I am coding a program which has persistent data (the MELT monitor, related to GCC MELT). The data is persistent because it is expected to be read and overwritten by most executions. (That data is in particular made of abstract syntax trees)

Currently, this persistent data is an Sqlite database. Of course, I am backing up it in textual format, obtained by sqlite dump, and I want to manage this textual dump with a version control system (probably git, but perhaps also subversion ....).

Unless I take special precautions, these SQL dumps will probably have quite long lines (e.g. several dozens of kilobytes).
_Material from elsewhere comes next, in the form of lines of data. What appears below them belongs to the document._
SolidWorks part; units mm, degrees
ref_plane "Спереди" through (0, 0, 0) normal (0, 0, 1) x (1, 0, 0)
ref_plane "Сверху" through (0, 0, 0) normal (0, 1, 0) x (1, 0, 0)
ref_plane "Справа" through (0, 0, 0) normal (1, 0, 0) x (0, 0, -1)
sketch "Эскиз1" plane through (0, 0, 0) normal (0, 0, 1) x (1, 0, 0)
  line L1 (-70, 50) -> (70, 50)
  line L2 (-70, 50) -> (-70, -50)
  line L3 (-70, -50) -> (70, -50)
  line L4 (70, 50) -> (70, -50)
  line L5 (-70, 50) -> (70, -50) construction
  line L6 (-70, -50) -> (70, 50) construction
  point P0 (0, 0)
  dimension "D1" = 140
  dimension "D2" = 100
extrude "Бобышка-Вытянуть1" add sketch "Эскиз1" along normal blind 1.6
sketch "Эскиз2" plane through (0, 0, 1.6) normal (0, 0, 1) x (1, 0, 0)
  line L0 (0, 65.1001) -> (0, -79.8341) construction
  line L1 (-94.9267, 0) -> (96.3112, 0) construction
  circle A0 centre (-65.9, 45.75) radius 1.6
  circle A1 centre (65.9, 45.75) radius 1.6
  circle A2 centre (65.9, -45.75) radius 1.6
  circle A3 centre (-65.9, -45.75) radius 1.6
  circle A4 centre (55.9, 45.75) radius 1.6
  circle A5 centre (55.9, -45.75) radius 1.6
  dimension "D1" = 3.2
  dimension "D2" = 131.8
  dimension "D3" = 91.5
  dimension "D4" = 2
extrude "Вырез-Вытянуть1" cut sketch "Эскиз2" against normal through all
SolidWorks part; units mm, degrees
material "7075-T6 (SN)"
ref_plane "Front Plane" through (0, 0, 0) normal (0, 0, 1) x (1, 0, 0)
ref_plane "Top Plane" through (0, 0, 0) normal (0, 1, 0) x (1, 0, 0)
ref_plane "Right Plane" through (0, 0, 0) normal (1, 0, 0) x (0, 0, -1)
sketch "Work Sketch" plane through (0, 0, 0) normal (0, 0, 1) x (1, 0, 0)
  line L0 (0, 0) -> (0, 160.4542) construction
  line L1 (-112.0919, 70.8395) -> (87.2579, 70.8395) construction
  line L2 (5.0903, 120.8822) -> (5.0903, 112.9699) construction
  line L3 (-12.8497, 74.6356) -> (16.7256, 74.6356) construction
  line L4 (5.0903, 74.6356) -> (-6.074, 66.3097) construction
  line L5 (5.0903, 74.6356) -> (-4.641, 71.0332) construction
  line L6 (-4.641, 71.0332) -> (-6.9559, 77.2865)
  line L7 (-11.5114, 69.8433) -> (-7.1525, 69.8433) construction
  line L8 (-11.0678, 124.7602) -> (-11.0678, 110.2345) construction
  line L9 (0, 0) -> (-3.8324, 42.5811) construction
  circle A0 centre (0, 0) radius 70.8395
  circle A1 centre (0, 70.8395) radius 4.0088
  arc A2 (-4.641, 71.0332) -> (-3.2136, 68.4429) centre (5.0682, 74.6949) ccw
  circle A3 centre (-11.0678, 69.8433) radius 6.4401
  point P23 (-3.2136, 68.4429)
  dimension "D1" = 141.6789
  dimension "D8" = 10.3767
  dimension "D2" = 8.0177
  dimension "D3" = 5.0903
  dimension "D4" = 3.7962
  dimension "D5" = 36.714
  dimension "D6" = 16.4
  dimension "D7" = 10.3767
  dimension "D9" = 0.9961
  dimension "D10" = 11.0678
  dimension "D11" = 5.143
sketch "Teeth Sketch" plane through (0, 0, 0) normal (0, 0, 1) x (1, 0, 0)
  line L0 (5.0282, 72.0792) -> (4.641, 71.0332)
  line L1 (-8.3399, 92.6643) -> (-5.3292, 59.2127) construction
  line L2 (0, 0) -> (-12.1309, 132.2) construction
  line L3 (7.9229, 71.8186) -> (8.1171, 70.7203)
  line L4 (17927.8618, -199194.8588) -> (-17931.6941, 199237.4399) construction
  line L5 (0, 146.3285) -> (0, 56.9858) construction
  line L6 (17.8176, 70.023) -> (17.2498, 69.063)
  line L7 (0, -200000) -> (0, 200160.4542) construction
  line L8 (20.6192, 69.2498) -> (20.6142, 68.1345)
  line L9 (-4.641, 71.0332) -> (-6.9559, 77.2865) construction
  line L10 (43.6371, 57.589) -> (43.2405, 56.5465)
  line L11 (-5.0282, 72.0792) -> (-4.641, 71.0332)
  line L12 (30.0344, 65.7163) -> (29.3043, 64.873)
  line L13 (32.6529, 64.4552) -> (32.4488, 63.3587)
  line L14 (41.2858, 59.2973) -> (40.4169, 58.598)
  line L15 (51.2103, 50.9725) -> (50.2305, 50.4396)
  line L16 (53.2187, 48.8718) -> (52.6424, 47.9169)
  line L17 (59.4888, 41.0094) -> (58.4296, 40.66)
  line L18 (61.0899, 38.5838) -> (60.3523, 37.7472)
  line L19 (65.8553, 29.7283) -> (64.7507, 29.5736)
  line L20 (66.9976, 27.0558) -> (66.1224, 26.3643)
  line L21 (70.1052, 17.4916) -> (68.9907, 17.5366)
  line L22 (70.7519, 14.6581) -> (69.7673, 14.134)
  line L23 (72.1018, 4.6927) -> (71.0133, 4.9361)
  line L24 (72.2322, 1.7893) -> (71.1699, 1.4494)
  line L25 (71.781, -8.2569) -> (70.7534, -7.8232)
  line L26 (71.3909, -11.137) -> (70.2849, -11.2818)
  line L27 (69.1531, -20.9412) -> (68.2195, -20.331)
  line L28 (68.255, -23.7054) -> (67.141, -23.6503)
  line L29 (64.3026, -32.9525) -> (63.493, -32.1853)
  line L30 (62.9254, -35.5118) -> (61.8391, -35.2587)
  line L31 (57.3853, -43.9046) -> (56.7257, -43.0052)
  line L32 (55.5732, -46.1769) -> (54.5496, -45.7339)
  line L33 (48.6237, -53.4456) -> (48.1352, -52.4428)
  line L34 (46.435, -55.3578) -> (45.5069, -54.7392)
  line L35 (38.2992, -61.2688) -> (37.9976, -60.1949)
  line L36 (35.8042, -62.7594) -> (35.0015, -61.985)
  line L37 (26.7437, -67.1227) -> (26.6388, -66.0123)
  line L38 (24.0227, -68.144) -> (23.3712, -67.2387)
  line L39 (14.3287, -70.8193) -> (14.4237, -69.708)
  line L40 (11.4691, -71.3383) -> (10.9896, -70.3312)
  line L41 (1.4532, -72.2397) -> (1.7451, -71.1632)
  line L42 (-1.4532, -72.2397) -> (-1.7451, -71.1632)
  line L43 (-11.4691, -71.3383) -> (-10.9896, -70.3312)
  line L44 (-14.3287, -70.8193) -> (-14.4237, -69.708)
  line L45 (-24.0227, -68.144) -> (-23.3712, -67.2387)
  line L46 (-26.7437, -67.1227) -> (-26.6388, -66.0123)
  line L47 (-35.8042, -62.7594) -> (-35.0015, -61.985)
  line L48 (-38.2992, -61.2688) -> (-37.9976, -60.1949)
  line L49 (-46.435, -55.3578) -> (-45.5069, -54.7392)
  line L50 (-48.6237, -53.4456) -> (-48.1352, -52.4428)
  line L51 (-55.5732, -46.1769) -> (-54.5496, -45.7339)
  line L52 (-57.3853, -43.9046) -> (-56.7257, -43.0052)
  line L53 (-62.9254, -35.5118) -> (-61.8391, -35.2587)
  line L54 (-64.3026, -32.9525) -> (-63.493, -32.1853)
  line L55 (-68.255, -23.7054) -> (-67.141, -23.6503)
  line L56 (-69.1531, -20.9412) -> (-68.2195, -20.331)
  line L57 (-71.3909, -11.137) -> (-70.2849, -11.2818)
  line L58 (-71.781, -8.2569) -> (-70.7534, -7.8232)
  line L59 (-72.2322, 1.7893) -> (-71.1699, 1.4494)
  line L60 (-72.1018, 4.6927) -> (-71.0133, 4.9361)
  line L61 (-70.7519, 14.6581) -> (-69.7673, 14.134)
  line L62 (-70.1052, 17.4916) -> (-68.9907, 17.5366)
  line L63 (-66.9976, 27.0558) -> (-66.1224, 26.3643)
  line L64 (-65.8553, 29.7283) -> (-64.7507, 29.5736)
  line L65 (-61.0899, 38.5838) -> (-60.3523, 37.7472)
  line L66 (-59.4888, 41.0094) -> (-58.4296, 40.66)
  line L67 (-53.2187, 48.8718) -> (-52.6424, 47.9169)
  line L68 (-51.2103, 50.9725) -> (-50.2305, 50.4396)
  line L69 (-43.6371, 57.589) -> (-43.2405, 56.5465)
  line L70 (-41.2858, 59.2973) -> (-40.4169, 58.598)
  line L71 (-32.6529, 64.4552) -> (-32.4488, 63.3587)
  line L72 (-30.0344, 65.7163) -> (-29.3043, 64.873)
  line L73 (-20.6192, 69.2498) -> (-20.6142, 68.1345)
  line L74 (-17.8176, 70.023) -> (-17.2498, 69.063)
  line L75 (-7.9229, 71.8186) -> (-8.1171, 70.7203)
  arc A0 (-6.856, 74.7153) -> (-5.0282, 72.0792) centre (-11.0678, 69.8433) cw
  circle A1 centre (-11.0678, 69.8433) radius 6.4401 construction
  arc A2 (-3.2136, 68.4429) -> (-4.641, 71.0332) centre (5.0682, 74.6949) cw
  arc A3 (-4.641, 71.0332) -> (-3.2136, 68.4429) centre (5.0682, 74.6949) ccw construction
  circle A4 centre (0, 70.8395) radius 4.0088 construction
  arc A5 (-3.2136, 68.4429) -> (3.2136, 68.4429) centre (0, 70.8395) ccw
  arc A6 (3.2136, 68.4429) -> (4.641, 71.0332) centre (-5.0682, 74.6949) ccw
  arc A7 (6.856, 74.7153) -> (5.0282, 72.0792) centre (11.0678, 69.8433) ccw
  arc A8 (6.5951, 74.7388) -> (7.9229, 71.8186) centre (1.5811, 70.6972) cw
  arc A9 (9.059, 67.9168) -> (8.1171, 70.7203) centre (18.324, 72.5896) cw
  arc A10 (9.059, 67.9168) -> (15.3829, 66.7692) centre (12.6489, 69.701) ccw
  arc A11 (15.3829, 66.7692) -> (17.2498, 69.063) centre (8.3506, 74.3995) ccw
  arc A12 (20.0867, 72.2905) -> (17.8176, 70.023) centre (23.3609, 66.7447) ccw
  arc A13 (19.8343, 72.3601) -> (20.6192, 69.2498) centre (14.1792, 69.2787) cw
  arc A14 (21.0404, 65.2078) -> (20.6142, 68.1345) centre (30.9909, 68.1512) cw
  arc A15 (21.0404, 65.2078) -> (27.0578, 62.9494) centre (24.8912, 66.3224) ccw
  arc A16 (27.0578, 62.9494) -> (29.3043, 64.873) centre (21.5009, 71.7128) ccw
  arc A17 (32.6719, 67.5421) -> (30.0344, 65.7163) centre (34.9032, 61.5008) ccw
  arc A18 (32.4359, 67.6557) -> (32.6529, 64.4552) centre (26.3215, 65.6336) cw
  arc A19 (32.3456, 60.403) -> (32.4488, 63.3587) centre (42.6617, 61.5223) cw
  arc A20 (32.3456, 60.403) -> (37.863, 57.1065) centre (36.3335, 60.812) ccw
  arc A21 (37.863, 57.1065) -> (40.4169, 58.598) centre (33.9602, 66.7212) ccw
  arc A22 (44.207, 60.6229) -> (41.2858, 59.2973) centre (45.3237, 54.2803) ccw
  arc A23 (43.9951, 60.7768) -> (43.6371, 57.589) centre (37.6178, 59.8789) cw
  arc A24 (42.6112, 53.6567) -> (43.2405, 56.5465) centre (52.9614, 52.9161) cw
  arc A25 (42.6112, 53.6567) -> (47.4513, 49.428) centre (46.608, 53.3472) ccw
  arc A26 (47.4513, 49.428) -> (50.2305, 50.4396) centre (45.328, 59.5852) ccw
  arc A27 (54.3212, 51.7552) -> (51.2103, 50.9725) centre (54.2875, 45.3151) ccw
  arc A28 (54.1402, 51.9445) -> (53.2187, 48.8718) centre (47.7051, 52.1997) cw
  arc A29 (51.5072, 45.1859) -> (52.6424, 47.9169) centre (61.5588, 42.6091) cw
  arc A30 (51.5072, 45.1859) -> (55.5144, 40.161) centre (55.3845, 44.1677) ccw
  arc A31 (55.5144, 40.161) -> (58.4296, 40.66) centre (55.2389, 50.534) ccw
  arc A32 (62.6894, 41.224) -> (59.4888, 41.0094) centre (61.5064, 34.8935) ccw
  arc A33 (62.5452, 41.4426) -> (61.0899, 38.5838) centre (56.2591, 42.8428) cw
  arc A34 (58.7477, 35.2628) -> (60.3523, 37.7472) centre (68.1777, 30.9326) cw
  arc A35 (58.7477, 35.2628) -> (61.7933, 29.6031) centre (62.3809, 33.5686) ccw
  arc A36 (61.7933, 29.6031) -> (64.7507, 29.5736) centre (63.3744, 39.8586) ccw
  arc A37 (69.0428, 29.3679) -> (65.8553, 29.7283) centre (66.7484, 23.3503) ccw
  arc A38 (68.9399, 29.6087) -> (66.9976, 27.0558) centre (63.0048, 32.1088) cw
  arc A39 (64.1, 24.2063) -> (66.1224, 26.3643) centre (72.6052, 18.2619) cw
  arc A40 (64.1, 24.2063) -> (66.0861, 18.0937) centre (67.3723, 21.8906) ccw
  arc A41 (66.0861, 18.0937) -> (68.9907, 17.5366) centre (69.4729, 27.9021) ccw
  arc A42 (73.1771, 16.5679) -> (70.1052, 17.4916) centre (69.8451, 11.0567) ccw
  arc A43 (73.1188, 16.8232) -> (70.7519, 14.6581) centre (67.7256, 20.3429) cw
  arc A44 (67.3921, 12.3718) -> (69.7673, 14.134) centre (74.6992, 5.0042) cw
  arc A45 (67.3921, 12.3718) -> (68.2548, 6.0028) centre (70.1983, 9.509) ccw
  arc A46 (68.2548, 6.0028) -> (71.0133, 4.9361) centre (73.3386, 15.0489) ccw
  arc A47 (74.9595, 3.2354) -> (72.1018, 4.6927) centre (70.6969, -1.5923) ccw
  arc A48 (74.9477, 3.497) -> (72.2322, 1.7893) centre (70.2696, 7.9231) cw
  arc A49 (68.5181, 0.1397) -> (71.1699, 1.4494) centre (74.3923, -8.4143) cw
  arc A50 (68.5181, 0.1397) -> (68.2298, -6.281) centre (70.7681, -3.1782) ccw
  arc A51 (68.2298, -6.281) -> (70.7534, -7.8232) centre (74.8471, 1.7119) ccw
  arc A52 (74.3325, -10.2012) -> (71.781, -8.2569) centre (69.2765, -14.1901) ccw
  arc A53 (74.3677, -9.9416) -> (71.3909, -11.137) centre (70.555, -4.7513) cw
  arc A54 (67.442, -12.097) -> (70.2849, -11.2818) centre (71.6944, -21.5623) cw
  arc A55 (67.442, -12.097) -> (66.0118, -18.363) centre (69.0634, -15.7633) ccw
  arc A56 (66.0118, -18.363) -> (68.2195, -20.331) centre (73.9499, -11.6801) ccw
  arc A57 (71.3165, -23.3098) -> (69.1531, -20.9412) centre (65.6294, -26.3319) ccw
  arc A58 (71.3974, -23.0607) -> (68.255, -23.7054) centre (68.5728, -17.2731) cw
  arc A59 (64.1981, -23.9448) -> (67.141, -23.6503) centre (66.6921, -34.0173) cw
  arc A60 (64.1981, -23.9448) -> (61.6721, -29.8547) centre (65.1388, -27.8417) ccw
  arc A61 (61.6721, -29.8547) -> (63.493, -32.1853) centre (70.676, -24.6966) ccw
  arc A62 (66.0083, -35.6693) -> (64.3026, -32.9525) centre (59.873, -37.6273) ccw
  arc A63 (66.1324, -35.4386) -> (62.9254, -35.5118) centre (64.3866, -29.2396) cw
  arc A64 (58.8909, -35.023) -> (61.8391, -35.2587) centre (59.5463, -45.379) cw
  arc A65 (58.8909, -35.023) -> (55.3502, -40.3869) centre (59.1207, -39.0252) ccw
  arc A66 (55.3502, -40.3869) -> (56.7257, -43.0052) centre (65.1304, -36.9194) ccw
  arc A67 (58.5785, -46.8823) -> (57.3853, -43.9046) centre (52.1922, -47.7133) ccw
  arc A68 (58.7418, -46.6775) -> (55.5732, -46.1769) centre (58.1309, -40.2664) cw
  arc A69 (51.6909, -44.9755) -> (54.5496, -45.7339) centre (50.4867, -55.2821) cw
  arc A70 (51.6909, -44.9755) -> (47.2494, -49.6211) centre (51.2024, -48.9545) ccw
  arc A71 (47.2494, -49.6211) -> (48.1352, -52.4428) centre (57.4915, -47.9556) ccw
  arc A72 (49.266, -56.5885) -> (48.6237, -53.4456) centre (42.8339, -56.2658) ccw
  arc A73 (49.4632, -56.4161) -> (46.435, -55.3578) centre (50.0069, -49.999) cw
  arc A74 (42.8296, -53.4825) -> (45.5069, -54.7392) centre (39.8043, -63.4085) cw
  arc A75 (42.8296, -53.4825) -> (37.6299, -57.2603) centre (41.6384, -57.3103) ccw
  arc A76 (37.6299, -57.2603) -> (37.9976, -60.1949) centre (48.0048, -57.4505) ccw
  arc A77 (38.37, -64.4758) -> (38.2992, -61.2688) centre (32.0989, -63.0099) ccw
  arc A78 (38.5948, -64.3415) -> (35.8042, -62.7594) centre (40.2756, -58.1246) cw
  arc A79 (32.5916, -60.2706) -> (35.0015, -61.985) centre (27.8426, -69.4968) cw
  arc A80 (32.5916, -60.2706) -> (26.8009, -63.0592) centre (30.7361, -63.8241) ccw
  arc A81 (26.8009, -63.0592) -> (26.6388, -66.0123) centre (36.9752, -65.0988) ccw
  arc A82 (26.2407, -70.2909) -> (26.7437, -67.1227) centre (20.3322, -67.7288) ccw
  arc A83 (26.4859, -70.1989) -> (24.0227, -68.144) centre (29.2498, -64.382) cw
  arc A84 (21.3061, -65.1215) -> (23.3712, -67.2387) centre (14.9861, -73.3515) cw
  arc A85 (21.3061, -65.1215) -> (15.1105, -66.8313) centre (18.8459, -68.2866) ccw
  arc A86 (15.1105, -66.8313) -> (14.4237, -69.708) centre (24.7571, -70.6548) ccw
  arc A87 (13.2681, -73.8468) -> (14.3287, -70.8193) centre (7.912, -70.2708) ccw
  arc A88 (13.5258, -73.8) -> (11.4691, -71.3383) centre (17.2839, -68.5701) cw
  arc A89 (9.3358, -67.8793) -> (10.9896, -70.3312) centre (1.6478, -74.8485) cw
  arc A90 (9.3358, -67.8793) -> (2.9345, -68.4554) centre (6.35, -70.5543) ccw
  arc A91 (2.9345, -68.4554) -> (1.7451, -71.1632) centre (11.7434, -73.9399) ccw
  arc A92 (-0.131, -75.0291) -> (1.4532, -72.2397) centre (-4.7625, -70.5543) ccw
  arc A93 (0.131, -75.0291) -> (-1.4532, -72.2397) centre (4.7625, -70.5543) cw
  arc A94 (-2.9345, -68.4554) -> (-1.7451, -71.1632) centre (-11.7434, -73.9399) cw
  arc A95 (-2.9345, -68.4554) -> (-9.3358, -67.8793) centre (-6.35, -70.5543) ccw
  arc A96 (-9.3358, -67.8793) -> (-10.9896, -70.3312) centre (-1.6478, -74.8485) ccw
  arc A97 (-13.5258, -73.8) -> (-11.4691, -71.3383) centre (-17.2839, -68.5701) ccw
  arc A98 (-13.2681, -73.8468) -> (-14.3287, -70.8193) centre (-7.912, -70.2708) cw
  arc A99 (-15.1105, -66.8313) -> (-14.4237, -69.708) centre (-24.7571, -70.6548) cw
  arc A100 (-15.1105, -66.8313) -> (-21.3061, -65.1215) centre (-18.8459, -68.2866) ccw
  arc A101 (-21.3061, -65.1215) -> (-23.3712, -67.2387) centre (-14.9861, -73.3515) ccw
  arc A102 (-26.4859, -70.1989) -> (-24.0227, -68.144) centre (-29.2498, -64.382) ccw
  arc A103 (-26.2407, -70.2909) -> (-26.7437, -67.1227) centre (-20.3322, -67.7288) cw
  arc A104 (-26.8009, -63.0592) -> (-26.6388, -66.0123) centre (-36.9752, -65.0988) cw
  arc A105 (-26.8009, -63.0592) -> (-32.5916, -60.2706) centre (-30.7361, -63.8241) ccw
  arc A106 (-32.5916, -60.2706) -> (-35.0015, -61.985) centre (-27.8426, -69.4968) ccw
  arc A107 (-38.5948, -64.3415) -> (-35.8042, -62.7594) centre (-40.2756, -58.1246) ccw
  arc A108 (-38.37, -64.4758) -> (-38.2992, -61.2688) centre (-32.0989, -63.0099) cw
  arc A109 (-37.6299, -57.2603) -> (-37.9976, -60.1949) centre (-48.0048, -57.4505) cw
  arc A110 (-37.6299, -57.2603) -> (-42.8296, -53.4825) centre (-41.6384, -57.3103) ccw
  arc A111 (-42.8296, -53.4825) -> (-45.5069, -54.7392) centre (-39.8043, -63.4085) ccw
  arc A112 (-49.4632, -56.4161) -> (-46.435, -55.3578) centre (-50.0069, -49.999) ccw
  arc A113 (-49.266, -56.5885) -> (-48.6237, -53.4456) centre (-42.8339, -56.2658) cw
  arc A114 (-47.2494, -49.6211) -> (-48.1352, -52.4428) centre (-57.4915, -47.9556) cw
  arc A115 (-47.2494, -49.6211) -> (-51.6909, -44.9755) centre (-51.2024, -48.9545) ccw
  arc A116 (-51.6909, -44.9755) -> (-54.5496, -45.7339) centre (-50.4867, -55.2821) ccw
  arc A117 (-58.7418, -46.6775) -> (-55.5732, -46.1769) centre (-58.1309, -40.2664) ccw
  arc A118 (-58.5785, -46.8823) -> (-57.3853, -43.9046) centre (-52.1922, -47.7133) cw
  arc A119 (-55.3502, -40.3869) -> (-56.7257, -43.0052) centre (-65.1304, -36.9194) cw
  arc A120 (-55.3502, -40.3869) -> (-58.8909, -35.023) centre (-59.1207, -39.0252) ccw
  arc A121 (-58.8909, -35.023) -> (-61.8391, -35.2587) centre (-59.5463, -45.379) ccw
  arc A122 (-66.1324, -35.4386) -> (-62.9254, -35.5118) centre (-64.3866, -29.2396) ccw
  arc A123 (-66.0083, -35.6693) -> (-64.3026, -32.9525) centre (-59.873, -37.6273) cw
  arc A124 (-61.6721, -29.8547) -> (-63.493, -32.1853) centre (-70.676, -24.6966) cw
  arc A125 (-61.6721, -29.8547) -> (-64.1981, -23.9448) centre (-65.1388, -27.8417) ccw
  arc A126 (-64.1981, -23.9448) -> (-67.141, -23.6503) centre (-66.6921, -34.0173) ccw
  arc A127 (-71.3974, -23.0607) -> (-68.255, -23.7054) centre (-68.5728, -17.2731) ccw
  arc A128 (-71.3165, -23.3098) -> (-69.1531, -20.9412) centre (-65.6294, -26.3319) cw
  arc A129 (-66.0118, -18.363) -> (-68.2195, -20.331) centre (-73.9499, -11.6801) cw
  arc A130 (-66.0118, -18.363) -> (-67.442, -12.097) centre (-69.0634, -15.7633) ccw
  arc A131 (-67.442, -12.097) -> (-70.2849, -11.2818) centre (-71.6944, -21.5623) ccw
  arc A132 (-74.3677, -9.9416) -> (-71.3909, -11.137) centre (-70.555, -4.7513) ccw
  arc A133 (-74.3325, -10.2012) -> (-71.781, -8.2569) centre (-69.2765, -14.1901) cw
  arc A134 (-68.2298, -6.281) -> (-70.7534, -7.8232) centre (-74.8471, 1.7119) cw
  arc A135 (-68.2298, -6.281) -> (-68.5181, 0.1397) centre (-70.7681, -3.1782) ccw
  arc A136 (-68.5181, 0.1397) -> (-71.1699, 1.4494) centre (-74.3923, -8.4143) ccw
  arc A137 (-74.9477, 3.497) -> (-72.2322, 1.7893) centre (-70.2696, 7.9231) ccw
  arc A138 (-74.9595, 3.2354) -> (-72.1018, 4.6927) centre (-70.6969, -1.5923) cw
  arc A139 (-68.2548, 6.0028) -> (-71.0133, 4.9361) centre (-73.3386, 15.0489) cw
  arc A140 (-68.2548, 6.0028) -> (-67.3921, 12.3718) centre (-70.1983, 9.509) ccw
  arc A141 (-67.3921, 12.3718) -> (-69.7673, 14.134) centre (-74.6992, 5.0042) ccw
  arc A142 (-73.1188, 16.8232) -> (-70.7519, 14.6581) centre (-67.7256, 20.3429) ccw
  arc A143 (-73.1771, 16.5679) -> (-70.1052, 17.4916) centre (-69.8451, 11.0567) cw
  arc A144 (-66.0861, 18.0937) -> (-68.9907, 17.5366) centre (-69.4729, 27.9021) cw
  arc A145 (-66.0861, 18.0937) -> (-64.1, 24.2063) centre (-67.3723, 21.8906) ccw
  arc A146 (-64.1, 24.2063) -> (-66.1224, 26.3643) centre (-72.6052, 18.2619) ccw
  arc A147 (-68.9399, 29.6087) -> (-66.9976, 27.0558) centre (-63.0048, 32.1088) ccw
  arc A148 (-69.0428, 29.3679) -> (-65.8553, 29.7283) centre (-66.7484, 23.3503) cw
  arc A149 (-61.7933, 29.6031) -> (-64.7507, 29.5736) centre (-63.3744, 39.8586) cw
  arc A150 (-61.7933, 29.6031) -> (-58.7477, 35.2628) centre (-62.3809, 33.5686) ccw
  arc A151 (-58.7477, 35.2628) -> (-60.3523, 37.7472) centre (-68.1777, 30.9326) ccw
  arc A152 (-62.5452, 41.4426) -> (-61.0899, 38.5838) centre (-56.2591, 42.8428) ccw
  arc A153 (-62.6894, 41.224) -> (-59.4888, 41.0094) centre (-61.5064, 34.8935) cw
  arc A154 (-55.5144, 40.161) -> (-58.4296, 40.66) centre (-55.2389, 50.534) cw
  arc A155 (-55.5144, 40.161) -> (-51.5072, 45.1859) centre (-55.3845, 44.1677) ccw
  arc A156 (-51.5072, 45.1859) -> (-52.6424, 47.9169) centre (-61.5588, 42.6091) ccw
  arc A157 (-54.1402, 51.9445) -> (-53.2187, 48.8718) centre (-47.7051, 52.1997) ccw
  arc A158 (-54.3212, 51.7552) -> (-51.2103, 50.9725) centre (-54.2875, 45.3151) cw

Wide SQL columns would probably contain JSON text of many kilobytes.

Would git (and svn) be more happy with shorter lines (in particular would they perform slower with long lines, or have repositories using much more disk space)?

I'm probably not mostly interested in the diff commands (e.g. git diff or svn diff), because I expect that using them for such textual dump is not very interesting for the human developers.

I am coding the persistency routines, so I am able to change slightly the format (e.g. to add newlines in some JSON text, which sqlite3 dump is dumping verbatim).

If you are curious, my current code snapshot is on http://starynkevitch.net/Basile/monimelt-bgc-21apr2014.tar.bz2 and contains a state-monimelt.sql dump file (which will of course become much larger, perhaps near or above a megabyte)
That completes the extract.